Mimetis · 2021-08-17T14:05:36Z

Introduction

This issue is an explanation about "why" auto increment primary keys is not handled by DMS, yet.
Some solutions exist to ensure a correct sync between several systems, using an identity primary keys for some tables.
Theoretically, solutions exist, but in practice (you know.. real life) some really complex challenges can emerge from these solutions.

This post is NOT a solution, but more an open discussion on "How he could be done, if possible".

The challenge of auto increment keys is basically how can we afford any conflict when 2 records from 2 systems are using the same primary key (auto incremented) for a new record.
Basically, any delete or update does not have any problem here. The main source of concerns comes from the insertion.

Client inserts a new record : Primary Key generated : 42
Server inserts a new record : Primary Key generated : 42

Is it an update conflict ?
Is it two insertion ? If so, should we change the Client primary key to 43 ? (and what will happens on next insertion ?)

Solutions

Basically we have two solutions, to avoid insertions conflicts with auto increment primary keys:

1) Assigning ranges

The idea is to work with Identity columns as Primary keys and range of ids.
For instance, you can define something like that:

Server IDS range: 1 - 99 999 999
Client 1 IDS range: 100 000 000 - 100 999 999
Client 2 IDS range: 101 000 000 - 101 999 999
Client 3 IDS range: 102 000 000 - 102 999 999

You can store these values in any configuration table.
When you reach the limit for one client (or server), just change the range for a new one.
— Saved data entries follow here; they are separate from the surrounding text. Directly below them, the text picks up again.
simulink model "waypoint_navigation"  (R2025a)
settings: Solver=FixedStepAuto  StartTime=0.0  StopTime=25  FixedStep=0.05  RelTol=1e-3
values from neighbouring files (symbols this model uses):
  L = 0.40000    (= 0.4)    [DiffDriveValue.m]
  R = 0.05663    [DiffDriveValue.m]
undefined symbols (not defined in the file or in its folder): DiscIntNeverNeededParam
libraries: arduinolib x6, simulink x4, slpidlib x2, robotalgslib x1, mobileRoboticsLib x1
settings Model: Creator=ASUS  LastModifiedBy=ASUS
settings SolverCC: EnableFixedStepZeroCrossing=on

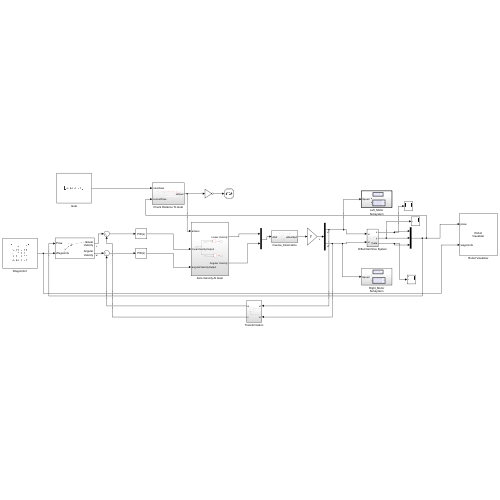
[thumbnail: Simulink's stored preview of the top-level diagram]
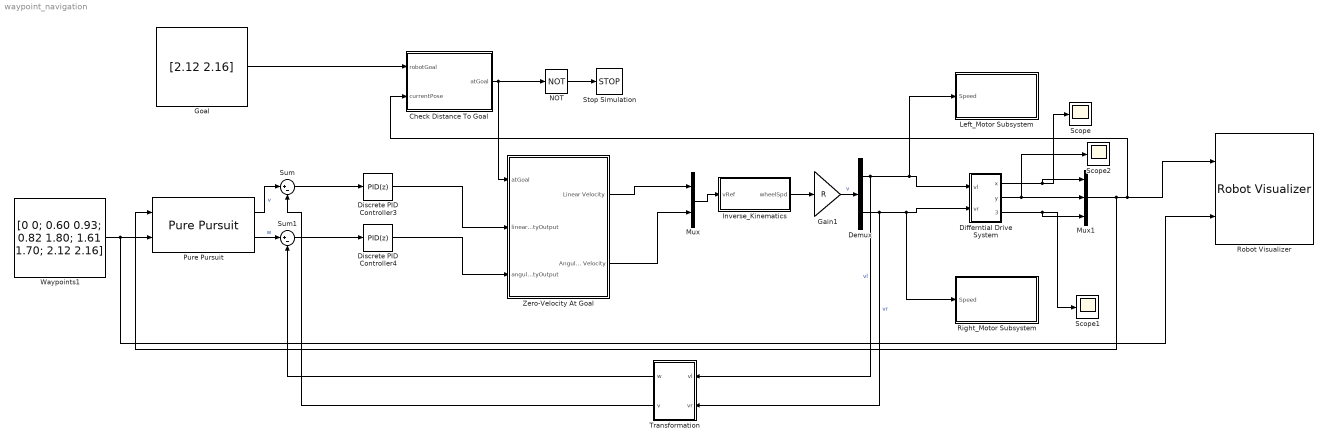
== system waypoint_navigation ==
  Check Distance To Goal : Subsystem
  Demux : Demux  Outputs=2
  Differntial Drive System : Subsystem
  Discrete PID Controller3 : slpidlib/PID Controller  Controller=PID  Form=Parallel  TimeDomain=Discrete-time  UseExternalTs=off  SampleTime=-1  IntegratorMethod=Forward Euler  FilterMethod=Forward Euler  ControllerParametersSource=internal  P=0.053595  I=0.10445  UseKiTs=on  D=0  UseExternalDerivativeSource=off  N=100  UseFilter=on  TunerSelectOption=Frequency Response Based  InitialConditionSource=internal  InitialConditionForIntegrator=0  InitialConditionForFilter=0  DifferentiatorICPrevScaledInput=0  ExternalReset=none  TrackingMode=off  Kt=1  LimitOutput=off  SatLimitsSource=internal  UpperSaturationLimit=inf  LowerSaturationLimit=-inf  LinearizeAsGain=off  AntiWindupMode=none  Kb=1  LimitIntegrator=off  UpperIntegratorSaturationLimit=inf  LowerIntegratorSaturationLimit=-inf  POutMin=[]  POutMax=[]  IOutMin=[]  IOutMax=[]  DOutMin=[]  DOutMax=[]  NOutMin=[]  NOutMax=[]  SumOutMin=[]  SumOutMax=[]  SaturationOutMin=[]  SaturationOutMax=[]  PParamMin=[]  PParamMax=[]  IParamMin=[]  IParamMax=[]  DParamMin=[]  DParamMax=[]  NParamMin=[]  NParamMax=[]  KbParamMin=[]  KbParamMax=[]  KtParamMin=[]  KtParamMax=[]  KbOutMin=[]  KbOutMax=[]  KtOutMin=[]  KtOutMax=[]  IntegratorOutMin=[]  IntegratorOutMax=[]  FilterOutMin=[]  FilterOutMax=[]  SumI1OutMin=[]  SumI1OutMax=[]  SumI2OutMin=[]  SumI2OutMax=[]  SumI3OutMin=[]  SumI3OutMax=[]  SumI4OutMin=[]  SumI4OutMax=[]  SumDOutMin=[]  SumDOutMax=[]  DifferentiatorOutMin=[]  DifferentiatorOutMax=[]  FilterDiffOutCoefMin=[]  FilterDiffOutCoefMax=[]  ReciprocalOutMin=[]  ReciprocalOutMax=[]  SumDenOutMin=[]  SumDenOutMax=[]  SumNumOutMin=[]  SumNumOutMax=[]  DivideOutMin=[]  DivideOutMax=[]  UdiffTsProdOutMin=[]  UdiffTsProdOutMax=[]  NTsProdOutMin=[]  NTsProdOutMax=[]  UintegralTsProdOutMin=[]  UintegralTsProdOutMax=[]  UngainTsProdOutMin=[]  UngainTsProdOutMax=[]  ClampingZeroOutDataTypeStr=Inherit: Inherit via back propagation  ClampingZeroOutMin=[]  ClampingZeroOutMax=[]  FilterDenConstantOutDataTypeStr=Inherit: Inherit via back propagation  FilterDenConstantOutMin=[]  FilterDenConstantOutMax=[]  PCopyOutDataTypeStr=Inherit: Inherit via back propagation  PCopyOutMin=[]  PCopyOutMax=[]  NCopyOutDataTypeStr=Inherit: Inherit via back propagation  NCopyOutMin=[]  NCopyOutMax=[]  IntegratorContinuousStateAttributes=''  IntegratorStateMustResolveToSignalObject=off  IntegratorRTWStateStorageClass=Auto  FilterContinuousStateAttributes=''  FilterStateMustResolveToSignalObject=off  FilterRTWStateStorageClass=Auto  ParallelPVariant=InternalParameters  IdealPVariant=Disabled  IVariant=InternalParameters  DVariant=InternalParameters  IntegratorVariant=Discrete  SatVariant=Disabled  AWVariant=Passthrough  PCopyVariant=Disabled  TRVariant=Disabled  FdbkBlocksVariant=Forward  IdealPFdbkVariant=Disabled  SatFdbkVariant=Disabled  DerivativeFilterVariant=ForwardEulerFilter  NVariant=InternalParameters  NCopyVariant=Disabled  FilterICVariant=InternalICsFilter  IntegratorICVariant=InternalICs  ExternalResetVariant=Disabled  TRSumVariant=Passthrough  SumFdbkVariant=Disabled  SumVariant=Sum_PID  TsampFilterVariant=InternalTs  TsampNgainVariant=Passthrough  TsampIntegralVariant=Disabled_SignalSpec  ExternalSaturationOutDataTypeStr=Inherit: Same as second input  DerivativeSourceVariant=ErrorSignal  PreIntVariant=InternalPreInt
      settings: LibrarySourceBlock=simulink/Discrete/Discrete PID Controller
  Discrete PID Controller4 : slpidlib/PID Controller  Controller=PID  Form=Parallel  TimeDomain=Discrete-time  UseExternalTs=off  SampleTime=-1  IntegratorMethod=Forward Euler  FilterMethod=Forward Euler  ControllerParametersSource=internal  P=0  I=0.92615  UseKiTs=on  D=0  UseExternalDerivativeSource=off  N=100  UseFilter=on  TunerSelectOption=Frequency Response Based  InitialConditionSource=internal  InitialConditionForIntegrator=0  InitialConditionForFilter=0  DifferentiatorICPrevScaledInput=0  ExternalReset=none  TrackingMode=off  Kt=1  LimitOutput=off  SatLimitsSource=internal  UpperSaturationLimit=inf  LowerSaturationLimit=-inf  LinearizeAsGain=off  AntiWindupMode=none  Kb=1  LimitIntegrator=off  UpperIntegratorSaturationLimit=inf  LowerIntegratorSaturationLimit=-inf  POutMin=[]  POutMax=[]  IOutMin=[]  IOutMax=[]  DOutMin=[]  DOutMax=[]  NOutMin=[]  NOutMax=[]  SumOutMin=[]  SumOutMax=[]  SaturationOutMin=[]  SaturationOutMax=[]  PParamMin=[]  PParamMax=[]  IParamMin=[]  IParamMax=[]  DParamMin=[]  DParamMax=[]  NParamMin=[]  NParamMax=[]  KbParamMin=[]  KbParamMax=[]  KtParamMin=[]  KtParamMax=[]  KbOutMin=[]  KbOutMax=[]  KtOutMin=[]  KtOutMax=[]  IntegratorOutMin=[]  IntegratorOutMax=[]  FilterOutMin=[]  FilterOutMax=[]  SumI1OutMin=[]  SumI1OutMax=[]  SumI2OutMin=[]  SumI2OutMax=[]  SumI3OutMin=[]  SumI3OutMax=[]  SumI4OutMin=[]  SumI4OutMax=[]  SumDOutMin=[]  SumDOutMax=[]  DifferentiatorOutMin=[]  DifferentiatorOutMax=[]  FilterDiffOutCoefMin=[]  FilterDiffOutCoefMax=[]  ReciprocalOutMin=[]  ReciprocalOutMax=[]  SumDenOutMin=[]  SumDenOutMax=[]  SumNumOutMin=[]  SumNumOutMax=[]  DivideOutMin=[]  DivideOutMax=[]  UdiffTsProdOutMin=[]  UdiffTsProdOutMax=[]  NTsProdOutMin=[]  NTsProdOutMax=[]  UintegralTsProdOutMin=[]  UintegralTsProdOutMax=[]  UngainTsProdOutMin=[]  UngainTsProdOutMax=[]  ClampingZeroOutDataTypeStr=Inherit: Inherit via back propagation  ClampingZeroOutMin=[]  ClampingZeroOutMax=[]  FilterDenConstantOutDataTypeStr=Inherit: Inherit via back propagation  FilterDenConstantOutMin=[]  FilterDenConstantOutMax=[]  PCopyOutDataTypeStr=Inherit: Inherit via back propagation  PCopyOutMin=[]  PCopyOutMax=[]  NCopyOutDataTypeStr=Inherit: Inherit via back propagation  NCopyOutMin=[]  NCopyOutMax=[]  IntegratorContinuousStateAttributes=''  IntegratorStateMustResolveToSignalObject=off  IntegratorRTWStateStorageClass=Auto  FilterContinuousStateAttributes=''  FilterStateMustResolveToSignalObject=off  FilterRTWStateStorageClass=Auto  ParallelPVariant=InternalParameters  IdealPVariant=Disabled  IVariant=InternalParameters  DVariant=InternalParameters  IntegratorVariant=Discrete  SatVariant=Disabled  AWVariant=Passthrough  PCopyVariant=Disabled  TRVariant=Disabled  FdbkBlocksVariant=Forward  IdealPFdbkVariant=Disabled  SatFdbkVariant=Disabled  DerivativeFilterVariant=ForwardEulerFilter  NVariant=InternalParameters  NCopyVariant=Disabled  FilterICVariant=InternalICsFilter  IntegratorICVariant=InternalICs  ExternalResetVariant=Disabled  TRSumVariant=Passthrough  SumFdbkVariant=Disabled  SumVariant=Sum_PID  TsampFilterVariant=InternalTs  TsampNgainVariant=Passthrough  TsampIntegralVariant=Disabled_SignalSpec  ExternalSaturationOutDataTypeStr=Inherit: Same as second input  DerivativeSourceVariant=ErrorSignal  PreIntVariant=InternalPreInt
      settings: LibrarySourceBlock=simulink/Discrete/Discrete PID Controller
  Gain1 : Gain  Gain=R
  Goal : Constant  Value=[2.12 2.16]
  Inverse_Kinematics : Subsystem
  Left_Motor Subsystem : Subsystem  TreatAsAtomicUnit=on
  Mux : Mux  Inputs=2
  Mux1 : Mux  Inputs=3
  NOT : Logic  Operator=NOT  IconShape=distinctive  AllPortsSameDT=off  OutDataTypeStr=boolean
  Pure Pursuit : robotalgslib/Pure Pursuit  DesiredLinearVelocityPort=off  DesiredLinearVelocity=0.2  MaxAngularVelocity=0.7  LookaheadDistancePort=off  LookaheadDistance=0.35  TargetDirPort=off  SimulateUsing=Interpreted execution
      settings: LibrarySourceBlock=navlib/Control Algorithms/Pure Pursuit
  Right_Motor Subsystem : Subsystem
  Robot Visualizer : mobileRoboticsLib/Environments/Robot Visualizer  Priority=99  robotRadius=R  showTrajectory=on  hasWaypoints=on  hasLidar=off  sensorOffset=[ 0 0 ]  scanAngles=0  hasObjDetector=off  objDetectorOffset=[ 0, 0 ]  objDetectorAngle=0  objDetectorFOV=0  objDetectorMaxRange=0  objectColors=0  objectMarkers=s
  Scope : Scope
      settings: ActiveDisplayYMinimum=-0.35887  ActiveDisplayYMaximum=3.22985
  Scope1 : Scope
      settings: ActiveDisplayYMinimum=-0.77117  ActiveDisplayYMaximum=1.83569  DataLoggingVariableName=ScopeData4
  Scope2 : Scope
      settings: ActiveDisplayYMinimum=-0.39056  ActiveDisplayYMaximum=3.51506  DataLoggingVariableName=ScopeData3
  Stop Simulation : Stop
  Sum : Sum  Inputs=|+-
  Sum1 : Sum  Inputs=|+-
  Transformation : Subsystem
  Waypoints1 : Constant  Value=[0 0; 0.60 0.93; 0.82 1.80; 1.61 1.70; 2.12 2.16]
  Zero-Velocity At Goal : Subsystem
  wires:
  NOT/1 -> Stop Simulation/1
  Demux/1 -> Left_Motor Subsystem/1(Speed), Differntial Drive System/1(vl), Transformation/1(vl)  "vl"
  Mux1/1 -> Check Distance To Goal/2(currentPose), Robot Visualizer/1, Pure Pursuit/1
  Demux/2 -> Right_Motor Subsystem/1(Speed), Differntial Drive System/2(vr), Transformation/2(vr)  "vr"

PRO : It's working with SQL Server / MySQL and SQLite
CONS :
- We are not thread safe (or more accurately, we are not SQL Sessions Safe)
- We need to manipulate the seeding of identity columns on each sync

2) Assigning Seed / Step

In the same concept, another technic is to use the IDENTITY (m, n) formula as follows:

m = Serial number of a node (Server = 1, First Client = 2, Second Client = 3, etc.)
n = Number of replication nodes (Server + All Clients)

For example, we have 4 nodes (n = 4) to sync (1 Server + 3 Clients):
The Serial number m will be 1 for Server and 2, 3, 4 for Client – A, Client – B and Client – C respectively.

According to the formula, the data will be populated as follows:

Server : IDENTITY (1, 4) - the column data sequence will be 1, 5, 9, 13…
Client – A: IDENTITY (2, 4) - the column data sequence will be 2, 6, 10, 14…
Client – B: IDENTITY (3, 4) - the column data sequence will be 3, 7, 11, 15…
Client – C: IDENTITY (4, 4) - the column data sequence will be 4, 8, 12, 16…

You can store the formulas values / increments in any configuration table.

PROS : Easy to implement if you already know how much clients you will have
CONS :
- The downside of this method is that you need to now the MAX number of clients you will have in your organization.
- It does not work with SQLite

Solution we will discuss here

Since the major clients databases used with DMS is SQLite, and since the merge replication from SQL Server uses also this technic, we will discuss the implementation of Solution 1: Assigning Ranges.

DMS possible Implementation

I've already worked on the primary keys auto increment implementation in DMS, even if it wasn't publish so far.
I'm going to explain what I've done and what are the problems I did not resolve yet

Playing with Identity Columns On SQL Server

Firstly, let's see what we have, in terms of queries / language / hints, on SQL Server, when we are working with Identity columns:
(Obviously, we have many others SQL statements for IDENTITY columns, that we don't need here)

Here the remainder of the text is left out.